El único gol lo marcó Miguel Merentiel, quien fue protagonista y demostró que puede ser alternativa en ataque, aunque no es un nueve de área clásico. De todos modos, Boca generó varias situaciones y no logró ampliar la diferencia, lo que alimentó el pedido del Vasco por mayor contundencia. Para Arruabarrena, esa falta de eficacia ofensiva es uno de los puntos a trabajar con mayor urgencia.
El entrenador quedó conforme con el debut de varios refuerzos. Leandro Paredes fue el punto más alto, con un rol de líder dentro y fuera de la cancha, mientras que Álvaro Montero tuvo un debut seguro en el arco. También valoró la respuesta de los juveniles, que respondieron cuando les tocó jugar y demostraron que pueden ser alternativas importantes para un semestre exigente. Sin embargo, Arruabarrena entiende que el equipo debe mejorar el control de pelota y aprovechar mejor las oportunidades para pelear en todos los frentes.
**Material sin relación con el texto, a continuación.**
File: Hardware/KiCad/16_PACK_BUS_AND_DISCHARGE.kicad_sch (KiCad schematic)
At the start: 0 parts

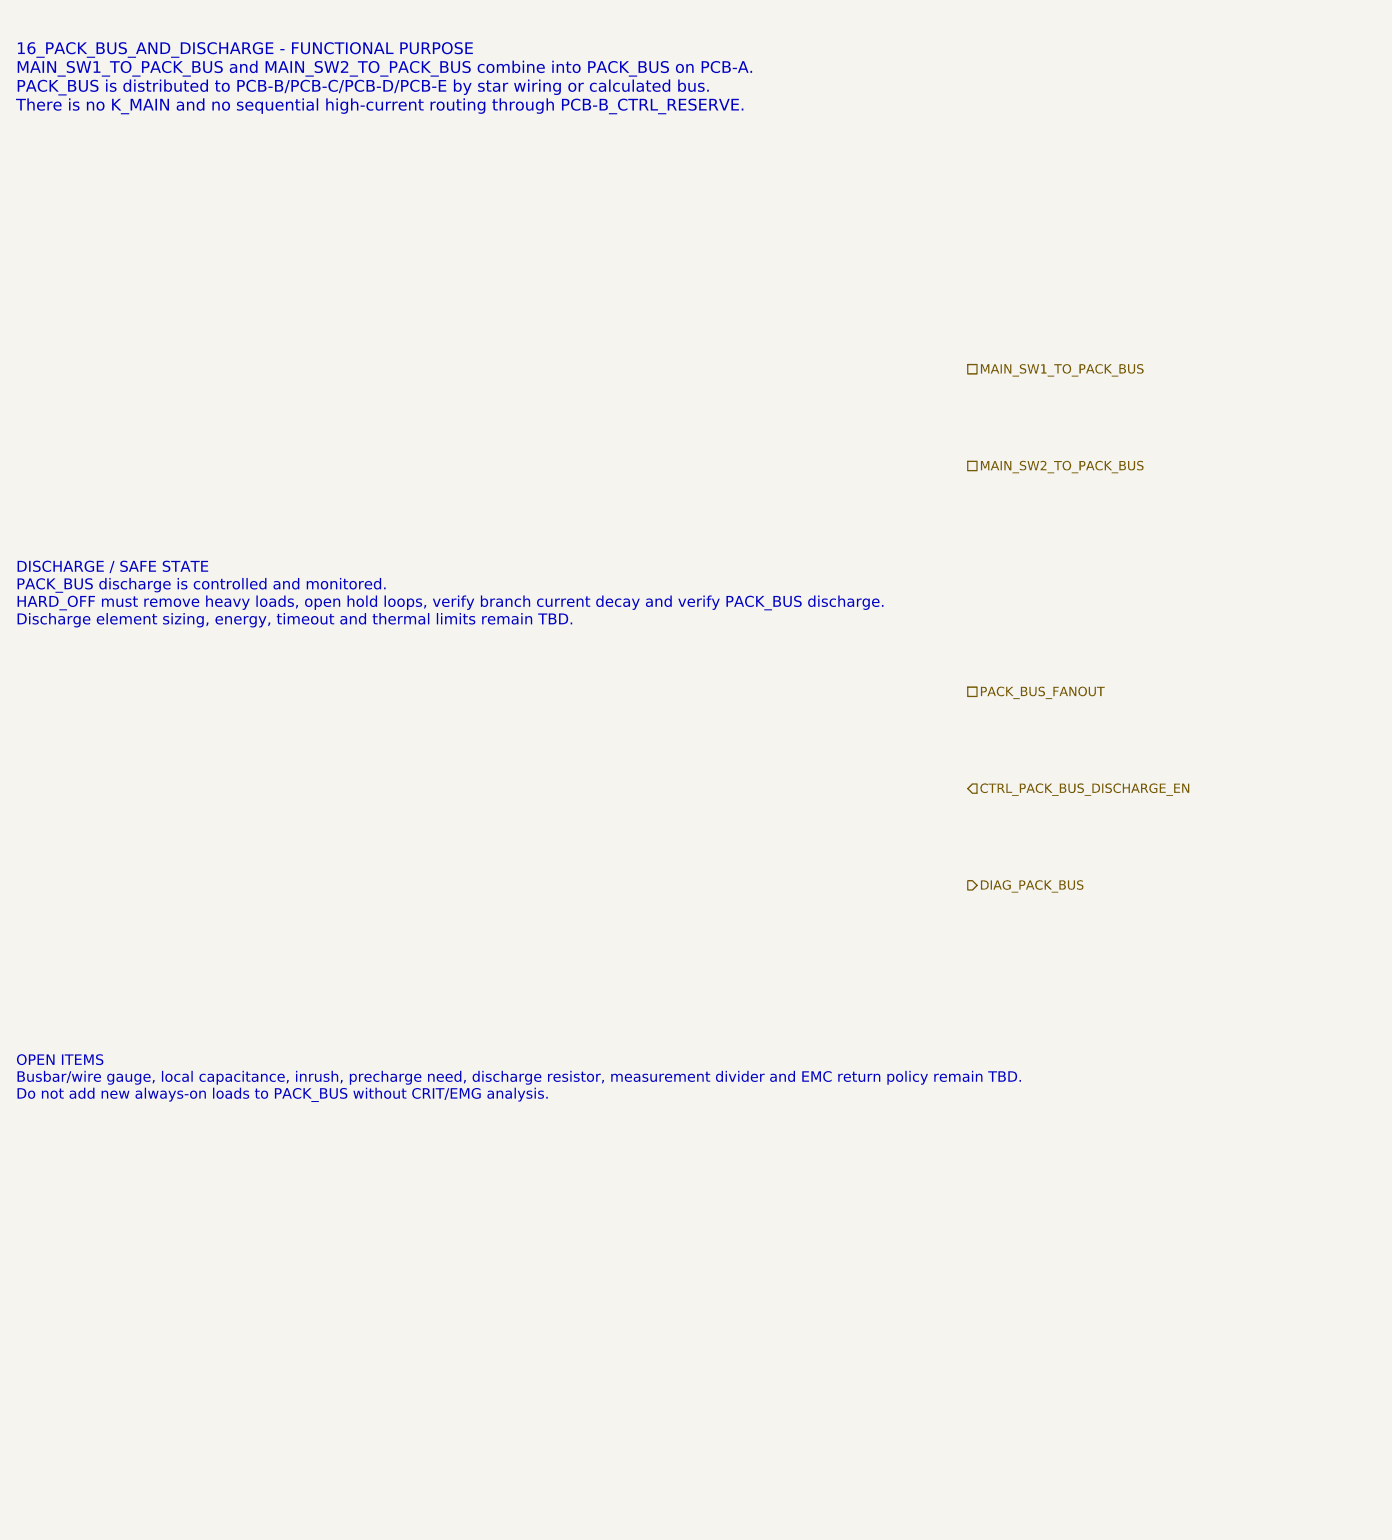
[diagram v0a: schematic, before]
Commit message: hardware: refine PACK_BUS and discharge level B
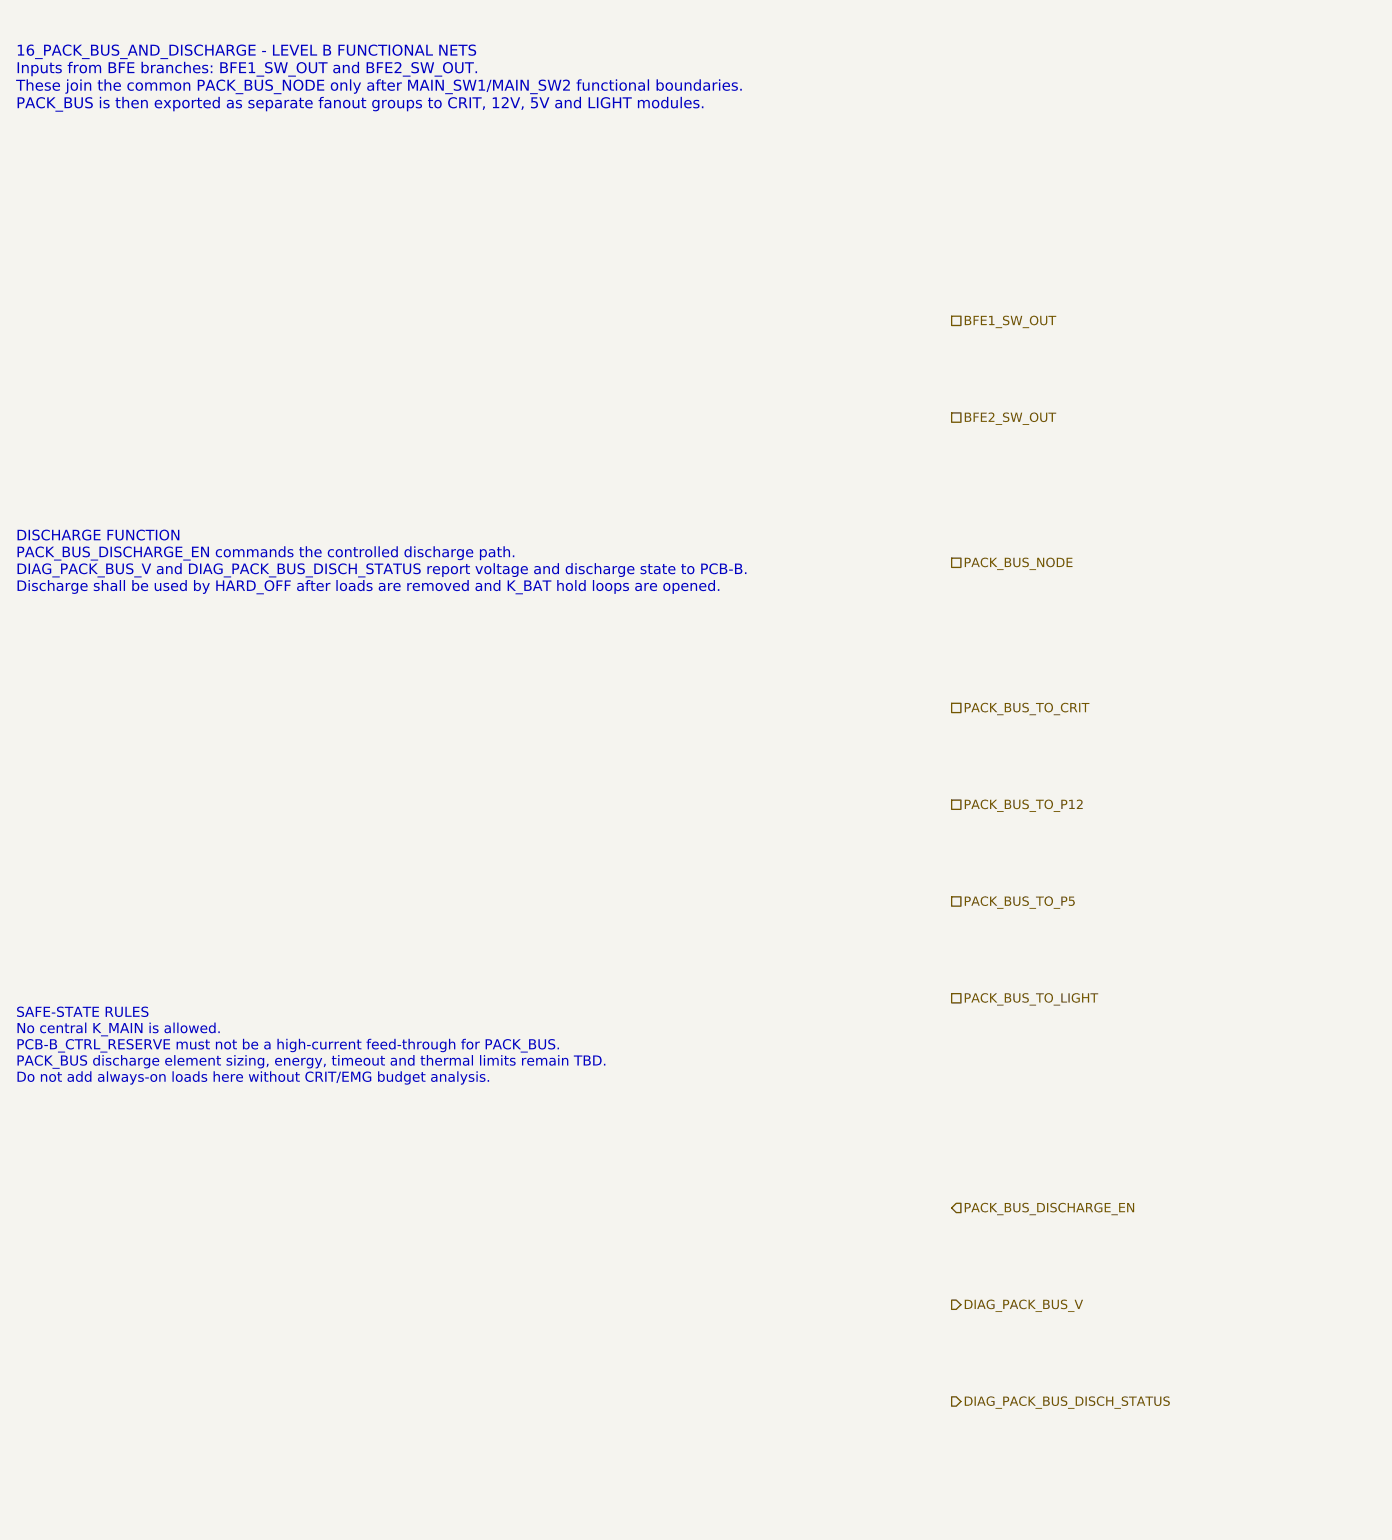
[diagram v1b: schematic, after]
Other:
- note added: "16_PACK_BUS_AND_DISCHARGE - LEVEL B FUNCTIONAL NETS Inputs from BFE branches: BFE1_SW_OUT and BFE2_SW_OUT. These join the common PACK_BUS_NODE only after MAIN_SW1/MAIN_SW2 functional boundaries. PACK_BUS is then exported as separate fanout groups to CRIT, 12V, 5V and LIGHT modules."
- note added: "DISCHARGE FUNCTION PACK_BUS_DISCHARGE_EN commands the controlled discharge path. DIAG_PACK_BUS_V and DIAG_PACK_BUS_DISCH_STATUS report voltage and discharge state to PCB-B. Discharge shall be used by HARD_OFF after loads are removed and K_BAT hold loops are opened."
- note added: "SAFE-STATE RULES No central K_MAIN is allowed. PCB-B_CTRL_RESERVE must not be a high-current feed-through for PACK_BUS. PACK_BUS discharge element sizing, energy, timeout and thermal limits remain TBD. Do not add always-on loads here without CRIT/EMG budget analysis."
- note removed: "16_PACK_BUS_AND_DISCHARGE - FUNCTIONAL PURPOSE MAIN_SW1_TO_PACK_BUS and MAIN_SW2_TO_PACK_BUS combine into PACK_BUS on PCB-A. PACK_BUS is distributed to PCB-B/PCB-C/PCB-D/PCB-E by star wiring or calculated bus. There is no K_MAIN and no sequential high-current routing through PCB-B_CTRL_RESERVE."
- note removed: "DISCHARGE / SAFE STATE PACK_BUS discharge is controlled and monitored. HARD_OFF must remove heavy loads, open hold loops, verify branch current decay and verify PACK_BUS discharge. Discharge element sizing, energy, timeout and thermal limits remain TBD."
- note removed: "OPEN ITEMS Busbar/wire gauge, local capacitance, inrush, precharge need, discharge resistor, measurement divider and EMC return policy remain TBD. Do not add new always-on loads to PACK_BUS without CRIT/EMG analysis."
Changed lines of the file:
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@@
 	(generator "eeschema")
 	(generator_version "10.0")
-	(uuid "bfe-dh-00000016-0000-4000-8000-000000000016")
+	(uuid "bfe-lb-00000016-0000-4000-8000-000000000016")
 	(paper "A3")
 	(title_block
 		(title "16_PACK_BUS_AND_DISCHARGE - PACK_BUS creation")
 		(date "2026-07-15")
-		(rev "A1")
+		(rev "B1")
 		(company "Gonoboben/plataVM")
-		(comment 1 "Architecture Level A: PACK_BUS fanout and discharge boundary")
-		(comment 2 "No central K_MAIN and no PCB-B high-current feed-through")
+		(comment 1 "Architecture Level B: PACK_BUS net groups and discharge logic")
+		(comment 2 "No K_MAIN, no discharge component values, no busbar/wire gauge selected")
 	)
-	(text "16_PACK_BUS_AND_DISCHARGE - FUNCTIONAL PURPOSE\nMAIN_SW1_TO_PACK_BUS and MAIN_SW2_TO_PACK_BUS combine into PACK_BUS on PCB-A.\nPACK_BUS is distributed to PCB-B/PCB-C/PCB-D/PCB-E by star wiring or calculated bus.\nThere is no K_MAIN and no sequential high-current routing through PCB-B_CTRL_RESERVE."
+	(text "16_PACK_BUS_AND_DISCHARGE - LEVEL B FUNCTIONAL NETS\nInputs from BFE branches: BFE1_SW_OUT and BFE2_SW_OUT.\nThese join the common PACK_BUS_NODE only after MAIN_SW1/MAIN_SW2 functional boundaries.\nPACK_BUS is then exported as separate fanout groups to CRIT, 12V, 5V and LIGHT modules."
 		(exclude_from_sim no)
 		(at 12 18 0)
-		(effects (font (size 1.45 1.45)) (justify left))
-		(uuid "bfe-dh-00000016-0000-4000-8000-000000000101")
+		(effects (font (size 1.35 1.35)) (justify left))
+		(uuid "bfe-lb-00000016-0000-4000-8000-000000000101")
 	)
-	(text "DISCHARGE / SAFE STATE\nPACK_BUS discharge is controlled and monitored.\nHARD_OFF must remove heavy loads, open hold loops, verify branch current decay and verify PACK_BUS discharge.\nDischarge element sizing, energy, timeout and thermal limits remain TBD."
+	(text "DISCHARGE FUNCTION\nPACK_BUS_DISCHARGE_EN commands the controlled discharge path.\nDIAG_PACK_BUS_V and DIAG_PACK_BUS_DISCH_STATUS report voltage and discharge state to PCB-B.\nDischarge shall be used by HARD_OFF after loads are removed and K_BAT hold loops are opened."
 		(exclude_from_sim no)
-		(at 12 82 0)
-		(effects (font (size 1.35 1.35)) (justify left))
-		(uuid "bfe-dh-00000016-0000-4000-8000-000000000102")
+		(at 12 78 0)
+		(effects (font (size 1.3 1.3)) (justify left))
+		(uuid "bfe-lb-00000016-0000-4000-8000-000000000102")
 	)
-	(text "OPEN ITEMS\nBusbar/wire gauge, local capacitance, inrush, precharge need, discharge resistor, measurement divider and EMC return policy remain TBD.\nDo not add new always-on loads to PACK_BUS without CRIT/EMG analysis."
+	(text "SAFE-STATE RULES\nNo central K_MAIN is allowed.\nPCB-B_CTRL_RESERVE must not be a high-current feed-through for PACK_BUS.\nPACK_BUS discharge element sizing, energy, timeout and thermal limits remain TBD.\nDo not add always-on loads here without CRIT/EMG budget analysis."
 		(exclude_from_sim no)
-		(at 12 142 0)
-		(effects (font (size 1.3 1.3)) (justify left))
-		(uuid "bfe-dh-00000016-0000-4000-8000-000000000103")
+		(at 12 138 0)
+		(effects (font (size 1.25 1.25)) (justify left))
+		(uuid "bfe-lb-00000016-0000-4000-8000-000000000103")
 	)
-	(hierarchical_label "MAIN_SW1_TO_PACK_BUS" (shape passive) (exclude_from_sim no) (at 130 54 0) (effects (font (size 1.15 1.15)) (justify left)) (uuid "bfe-dh-00000016-0000-4000-8000-000000000201"))
-	(hierarchical_label "MAIN_SW2_TO_PACK_BUS" (shape passive) (exclude_from_sim no) (at 130 66 0) (effects (font (size 1.15 1.15)) (justify left)) (uuid "bfe-dh-00000016-0000-4000-8000-000000000202"))
-	(hierarchical_label "PACK_BUS_FANOUT" (shape passive) (exclude_from_sim no) (at 130 94 0) (effects (font (size 1.15 1.15)) (justify left)) (uuid "bfe-dh-00000016-0000-4000-8000-000000000203"))
-	(hierarchical_label "CTRL_PACK_BUS_DISCHARGE_EN" (shape input) (exclude_from_sim no) (at 130 106 0) (effects (font (size 1.15 1.15)) (justify left)) (uuid "bfe-dh-00000016-0000-4000-8000-000000000204"))
-	(hierarchical_label "DIAG_PACK_BUS" (shape output) (exclude_from_sim no) (at 130 118 0) (effects (font (size 1.15 1.15)) (justify left)) (uuid "bfe-dh-00000016-0000-4000-8000-000000000205"))
+	(hierarchical_label "BFE1_SW_OUT" (shape passive) (exclude_from_sim no) (at 128 48 0) (effects (font (size 1.15 1.15)) (justify left)) (uuid "bfe-lb-00000016-0000-4000-8000-000000000201"))
+	(hierarchical_label "BFE2_SW_OUT" (shape passive) (exclude_from_sim no) (at 128 60 0) (effects (font (size 1.15 1.15)) (justify left)) (uuid "bfe-lb-00000016-0000-4000-8000-000000000202"))
+	(hierarchical_label "PACK_BUS_NODE" (shape passive) (exclude_from_sim no) (at 128 78 0) (effects (font (size 1.15 1.15)) (justify left)) (uuid "bfe-lb-00000016-0000-4000-8000-000000000203"))
+	(hierarchical_label "PACK_BUS_TO_CRIT" (shape passive) (exclude_from_sim no) (at 128 96 0) (effects (font (size 1.15 1.15)) (justify left)) (uuid "bfe-lb-00000016-0000-4000-8000-000000000204"))
+	(hierarchical_label "PACK_BUS_TO_P12" (shape passive) (exclude_from_sim no) (at 128 108 0) (effects (font (size 1.15 1.15)) (justify left)) (uuid "bfe-lb-00000016-0000-4000-8000-000000000205"))
+	(hierarchical_label "PACK_BUS_TO_P5" (shape passive) (exclude_from_sim no) (at 128 120 0) (effects (font (size 1.15 1.15)) (justify left)) (uuid "bfe-lb-00000016-0000-4000-8000-000000000206"))
+	(hierarchical_label "PACK_BUS_TO_LIGHT" (shape passive) (exclude_from_sim no) (at 128 132 0) (effects (font (size 1.15 1.15)) (justify left)) (uuid "bfe-lb-00000016-0000-4000-8000-000000000207"))
+	(hierarchical_label "PACK_BUS_DISCHARGE_EN" (shape input) (exclude_from_sim no) (at 128 158 0) (effects (font (size 1.15 1.15)) (justify left)) (uuid "bfe-lb-00000016-0000-4000-8000-000000000208"))
+	(hierarchical_label "DIAG_PACK_BUS_V" (shape output) (exclude_from_sim no) (at 128 170 0) (effects (font (size 1.15 1.15)) (justify left)) (uuid "bfe-lb-00000016-0000-4000-8000-000000000209"))
+	(hierarchical_label "DIAG_PACK_BUS_DISCH_STATUS" (shape output) (exclude_from_sim no) (at 128 182 0) (effects (font (size 1.15 1.15)) (justify left)) (uuid "bfe-lb-00000016-0000-4000-8000-000000000210"))
 )

La preocupación central está en la ofensiva. Adam Bareiro sufrió una lesión que preocupa al cuerpo técnico y su evolución será seguida de cerca. La idea del entrenador es que el equipo tenga variantes suficientes para competir en la Copa Sudamericana y en el resto de los frentes, y por eso la búsqueda de un delantero sigue siendo una prioridad en el mercado de pases. Ante ese panorama, el Vasco le transmitió a Riquelme que necesita un atacante más para no quedar corto en una temporada con grandes objetivos.
El nombre en carpeta y la decisión final
En la charla posterior al partido, Arruabarrena se plantó con claridad: Boca tiene un buen plantel, pero todavía puede mejorar. El entrenador dejó claro que la búsqueda de un delantero sigue siendo una prioridad para el cuerpo técnico y que pretende sumar un futbolista que pueda aportar presencia en el área y mayor poder de fuego. En ese sentido, David Romero es uno de los nombres que aparecen en carpeta, aunque la negociación no es sencilla porque otros clubes también mostraron interés.
Riquelme sabe que el mercado entra en su etapa decisiva y cada movimiento debe ser analizado con cuidado. Boca ya realizó una inversión importante con las llegadas de Paredes y Montero, pero el pedido del Vasco abre la posibilidad de sumar una pieza más para completar el plantel. La relación entre presidente y entrenador es de diálogo constante y la decisión final quedará en manos del máximo dirigente.
El Xeneize ganó, recuperó confianza y encontró respuestas en sus figuras y juveniles. Ahora, con el mercado abierto, el desafío será completar un equipo que pueda sostener la ilusión de los hinchas hasta fin de año. La última palabra la tendrá Riquelme.